Separation is for Better Reunion: Data Lake Storage at Huawei
Xin Tang,Chengliang Chai,Dawei Zhao,Haohai Ma,Yong Zheng,Zhenyong Fan,Xin Wu,Jiaquan Zhang,Rui Zhang,Duanshun Li,Yi He,Keji Huang,Guangbin Meng,Yidong Wang,Yuefeng Zhou,Tao,Lirong Jian,Jiwu Shu,Yuping Wang,Ye Yuan,Guoren Wang,Guoliang Li
DOI: https://doi.org/10.1109/icde60146.2024.00386
2024-01-01
Abstract:Huawei collaborates with some Chinese large busi-ness companies to store and process exabytes of nationwide operational data in data lake storage to provide business insights. Specifically, our customers will ask to store and process massive log message data to support their real-time and decision-making applications. Thus, we need computation and storage components in the analytic platform to process and store these data cost-efficiently.
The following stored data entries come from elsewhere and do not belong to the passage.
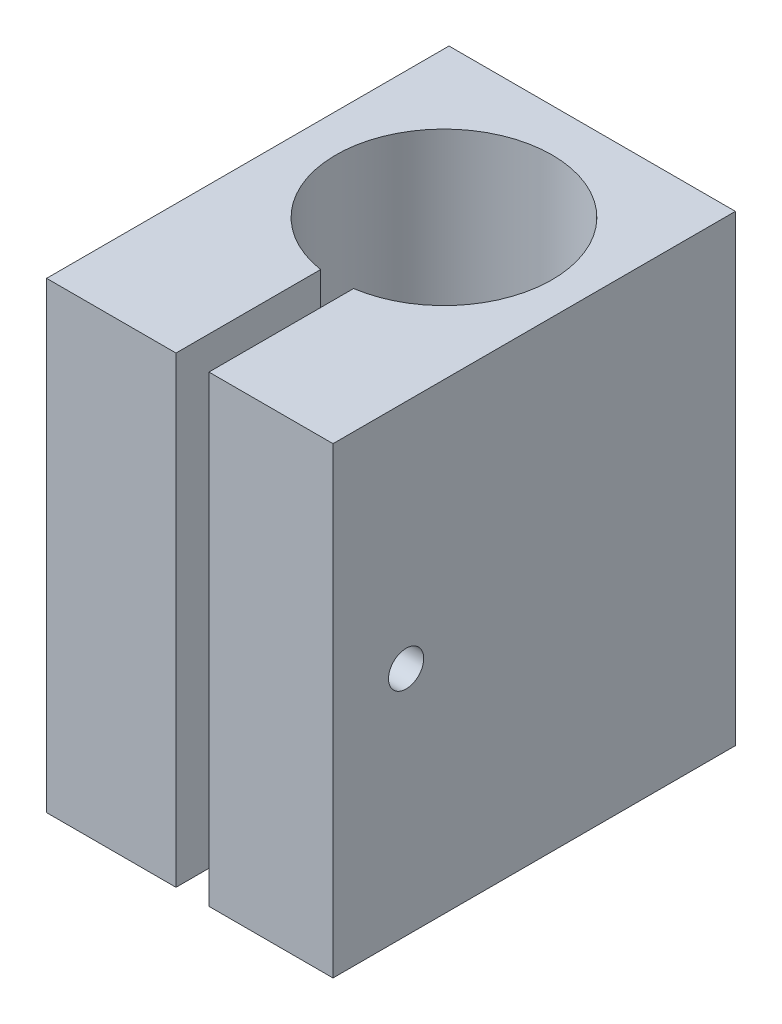
ISO-10303-21;
HEADER;
FILE_DESCRIPTION(('STEP AP214'),'2;1');
FILE_NAME('part.step','',(''),(''),'','','');
FILE_SCHEMA(('AUTOMOTIVE_DESIGN { 1 0 10303 214 1 1 1 1 }'));
ENDSEC;
DATA;
#1=APPLICATION_CONTEXT('core data for automotive mechanical design processes');
#2=APPLICATION_PROTOCOL_DEFINITION('international standard','automotive_design',2000,#1);
#3=PRODUCT_CONTEXT('',#1,'mechanical');
#4=PRODUCT('Part','Part','',(#3));
#5=PRODUCT_RELATED_PRODUCT_CATEGORY('part','',(#4));
#6=PRODUCT_DEFINITION_FORMATION('','',#4);
#7=PRODUCT_DEFINITION_CONTEXT('part definition',#1,'design');
#8=PRODUCT_DEFINITION('design','',#6,#7);
#9=PRODUCT_DEFINITION_SHAPE('','',#8);
#10=(LENGTH_UNIT() NAMED_UNIT(*) SI_UNIT(.MILLI.,.METRE.));
#11=(NAMED_UNIT(*) PLANE_ANGLE_UNIT() SI_UNIT($,.RADIAN.));
#12=(NAMED_UNIT(*) SI_UNIT($,.STERADIAN.) SOLID_ANGLE_UNIT());
#13=UNCERTAINTY_MEASURE_WITH_UNIT(LENGTH_MEASURE(1.E-05),#10,'distance_accuracy_value','');
#14=(GEOMETRIC_REPRESENTATION_CONTEXT(3) GLOBAL_UNCERTAINTY_ASSIGNED_CONTEXT((#13)) GLOBAL_UNIT_ASSIGNED_CONTEXT((#10,
#11,#12)) REPRESENTATION_CONTEXT('',''));
#15=CARTESIAN_POINT('',(0.,0.,0.));
#16=DIRECTION('',(0.,0.,1.));
#17=DIRECTION('',(1.,0.,0.));
#18=AXIS2_PLACEMENT_3D('',#15,#16,#17);
#19=CARTESIAN_POINT('',(1.90309523809524,46.,20.));
#20=DIRECTION('',(0.,0.,-1.));
#21=DIRECTION('',(-1.,0.,0.));
#22=AXIS2_PLACEMENT_3D('',#19,#20,#21);
#23=PLANE('',#22);
#24=DIRECTION('',(1.,0.,0.));
#25=VECTOR('',#24,1.);
#26=CARTESIAN_POINT('',(1.90309523809524,0.,20.));
#27=LINE('',#26,#25);
#28=CARTESIAN_POINT('',(1.90309523809524,0.,20.));
#29=VERTEX_POINT('',#28);
#30=CARTESIAN_POINT('',(14.235,0.,20.));
#31=VERTEX_POINT('',#30);
#32=EDGE_CURVE('E148',#29,#31,#27,.T.);
#33=ORIENTED_EDGE('',*,*,#32,.T.);
#34=DIRECTION('',(0.,-1.,0.));
#35=VECTOR('',#34,1.);
#36=CARTESIAN_POINT('',(14.235,46.,20.));
#37=LINE('',#36,#35);
#38=CARTESIAN_POINT('',(14.235,46.,20.));
#39=VERTEX_POINT('',#38);
#40=EDGE_CURVE('E11',#39,#31,#37,.T.);
#41=ORIENTED_EDGE('',*,*,#40,.F.);
#42=DIRECTION('',(1.,0.,0.));
#43=VECTOR('',#42,1.);
#44=CARTESIAN_POINT('',(1.90309523809524,46.,20.));
#45=LINE('',#44,#43);
#46=CARTESIAN_POINT('',(1.90309523809524,46.,20.));
#47=VERTEX_POINT('',#46);
#48=EDGE_CURVE('E164',#47,#39,#45,.T.);
#49=ORIENTED_EDGE('',*,*,#48,.F.);
#50=DIRECTION('',(0.,-1.,0.));
#51=VECTOR('',#50,1.);
#52=CARTESIAN_POINT('',(1.90309523809524,46.,20.));
#53=LINE('',#52,#51);
#54=EDGE_CURVE('E144',#47,#29,#53,.T.);
#55=ORIENTED_EDGE('',*,*,#54,.T.);
#56=EDGE_LOOP('',(#33,#41,#49,#55));
#57=FACE_BOUND('',#56,.T.);
#58=ADVANCED_FACE('F39',(#57),#23,.F.);
#59=CARTESIAN_POINT('',(14.235,46.,-20.));
#60=DIRECTION('',(-1.,0.,0.));
#61=DIRECTION('',(0.,0.,1.));
#62=AXIS2_PLACEMENT_3D('',#59,#60,#61);
#63=PLANE('',#62);
#64=CARTESIAN_POINT('',(14.235,23.,12.7330134340511));
#65=DIRECTION('',(-1.,0.,0.));
#66=DIRECTION('',(0.,0.,1.));
#67=AXIS2_PLACEMENT_3D('',#64,#65,#66);
#68=CIRCLE('',#67,1.75);
#69=CARTESIAN_POINT('',(14.235,23.,14.4830134340511));
#70=VERTEX_POINT('',#69);
#71=EDGE_CURVE('E253',#70,#70,#68,.T.);
#72=ORIENTED_EDGE('',*,*,#71,.T.);
#73=EDGE_LOOP('',(#72));
#74=FACE_BOUND('',#73,.T.);
#75=DIRECTION('',(0.,0.,-1.));
#76=VECTOR('',#75,1.);
#77=CARTESIAN_POINT('',(14.235,0.,-20.));
#78=LINE('',#77,#76);
#79=CARTESIAN_POINT('',(14.235,0.,-20.));
#80=VERTEX_POINT('',#79);
#81=EDGE_CURVE('E151',#31,#80,#78,.T.);
#82=ORIENTED_EDGE('',*,*,#81,.T.);
#83=DIRECTION('',(0.,-1.,0.));
#84=VECTOR('',#83,1.);
#85=CARTESIAN_POINT('',(14.235,46.,-20.));
#86=LINE('',#85,#84);
#87=CARTESIAN_POINT('',(14.235,46.,-20.));
#88=VERTEX_POINT('',#87);
#89=EDGE_CURVE('E47',#88,#80,#86,.T.);
#90=ORIENTED_EDGE('',*,*,#89,.F.);
#91=DIRECTION('',(0.,0.,-1.));
#92=VECTOR('',#91,1.);
#93=CARTESIAN_POINT('',(14.235,46.,-20.));
#94=LINE('',#93,#92);
#95=EDGE_CURVE('E104',#39,#88,#94,.T.);
#96=ORIENTED_EDGE('',*,*,#95,.F.);
#97=ORIENTED_EDGE('',*,*,#40,.T.);
#98=EDGE_LOOP('',(#82,#90,#96,#97));
#99=FACE_BOUND('',#98,.T.);
#100=ADVANCED_FACE('F277',(#74,#99),#63,.F.);
#101=CARTESIAN_POINT('',(-14.235,46.,-20.));
#102=DIRECTION('',(0.,0.,1.));
#103=DIRECTION('',(1.,0.,0.));
#104=AXIS2_PLACEMENT_3D('',#101,#102,#103);
#105=PLANE('',#104);
#106=DIRECTION('',(-1.,0.,0.));
#107=VECTOR('',#106,1.);
#108=CARTESIAN_POINT('',(-14.235,0.,-20.));
#109=LINE('',#108,#107);
#110=CARTESIAN_POINT('',(-14.235,0.,-20.));
#111=VERTEX_POINT('',#110);
#112=EDGE_CURVE('E154',#80,#111,#109,.T.);
#113=ORIENTED_EDGE('',*,*,#112,.T.);
#114=DIRECTION('',(0.,-1.,0.));
#115=VECTOR('',#114,1.);
#116=CARTESIAN_POINT('',(-14.235,46.,-20.));
#117=LINE('',#116,#115);
#118=CARTESIAN_POINT('',(-14.235,46.,-20.));
#119=VERTEX_POINT('',#118);
#120=EDGE_CURVE('E171',#119,#111,#117,.T.);
#121=ORIENTED_EDGE('',*,*,#120,.F.);
#122=DIRECTION('',(-1.,0.,0.));
#123=VECTOR('',#122,1.);
#124=CARTESIAN_POINT('',(-14.235,46.,-20.));
#125=LINE('',#124,#123);
#126=EDGE_CURVE('E180',#88,#119,#125,.T.);
#127=ORIENTED_EDGE('',*,*,#126,.F.);
#128=ORIENTED_EDGE('',*,*,#89,.T.);
#129=EDGE_LOOP('',(#113,#121,#127,#128));
#130=FACE_BOUND('',#129,.T.);
#131=ADVANCED_FACE('F178',(#130),#105,.F.);
#132=CARTESIAN_POINT('',(-14.235,46.,-20.));
#133=DIRECTION('',(1.,0.,0.));
#134=DIRECTION('',(0.,0.,-1.));
#135=AXIS2_PLACEMENT_3D('',#132,#133,#134);
#136=PLANE('',#135);
#137=DIRECTION('',(0.,0.5,0.866025403784438));
#138=VECTOR('',#137,1.);
#139=CARTESIAN_POINT('',(-14.235,19.75,12.7330134340511));
#140=LINE('',#139,#138);
#141=CARTESIAN_POINT('',(-14.235,19.75,12.7330134340511));
#142=VERTEX_POINT('',#141);
#143=CARTESIAN_POINT('',(-14.235,21.375,15.5475959963505));
#144=VERTEX_POINT('',#143);
#145=EDGE_CURVE('E227',#142,#144,#140,.T.);
#146=ORIENTED_EDGE('',*,*,#145,.F.);
#147=DIRECTION('',(0.,-0.500000000000001,0.866025403784438));
#148=VECTOR('',#147,1.);
#149=CARTESIAN_POINT('',(-14.235,21.375,9.91843087175167));
#150=LINE('',#149,#148);
#151=CARTESIAN_POINT('',(-14.235,21.375,9.91843087175167));
#152=VERTEX_POINT('',#151);
#153=EDGE_CURVE('E54',#152,#142,#150,.T.);
#154=ORIENTED_EDGE('',*,*,#153,.F.);
#155=DIRECTION('',(0.,-1.,0.));
#156=VECTOR('',#155,1.);
#157=CARTESIAN_POINT('',(-14.235,24.625,9.91843087175167));
#158=LINE('',#157,#156);
#159=CARTESIAN_POINT('',(-14.235,24.625,9.91843087175167));
#160=VERTEX_POINT('',#159);
#161=EDGE_CURVE('E214',#160,#152,#158,.T.);
#162=ORIENTED_EDGE('',*,*,#161,.F.);
#163=DIRECTION('',(0.,-0.5,-0.866025403784439));
#164=VECTOR('',#163,1.);
#165=CARTESIAN_POINT('',(-14.235,26.25,12.7330134340511));
#166=LINE('',#165,#164);
#167=CARTESIAN_POINT('',(-14.235,26.25,12.7330134340511));
#168=VERTEX_POINT('',#167);
#169=EDGE_CURVE('E218',#168,#160,#166,.T.);
#170=ORIENTED_EDGE('',*,*,#169,.F.);
#171=DIRECTION('',(0.,0.5,-0.866025403784438));
#172=VECTOR('',#171,1.);
#173=CARTESIAN_POINT('',(-14.235,24.625,15.5475959963505));
#174=LINE('',#173,#172);
#175=CARTESIAN_POINT('',(-14.235,24.625,15.5475959963505));
#176=VERTEX_POINT('',#175);
#177=EDGE_CURVE('E221',#176,#168,#174,.T.);
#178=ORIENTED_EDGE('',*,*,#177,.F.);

To meet these user requirements, we have designed a storage system in data lake, StreamLake, which introduces a novel design to serve log message streaming and batch data processing in distributed storage, with high scalability, efficiency, reliability and low cost. Specifically, we introduce a stream (storage) object as a storage abstraction for message streaming data to achieve the storage-disaggregated architecture with high scalability and reliability. Moreover, we utilize the erasure coding and tiered storage to save the storage cost, and furthermore, the stream object can be automatically converted to a table object such that cost-effective stream and batch data processing can be achieved. For tabular data, we implement the lakehouse functionality to support ACID via the table object, with a metadata acceleration to improve the efficiency of data access between the compute and storage engines. Also, we design a LakeBrain optimizer at the storage side to optimize the query performance and resource utilization under the storage-disaggregated architecture. Finally, we have also deployed StreamLake in China Mobile, the world's largest mobile network operator to serve over 20PB production data, and the results demonstrate improvements of 30% to 4x in terms of query performance and over 37% in terms of cost saving.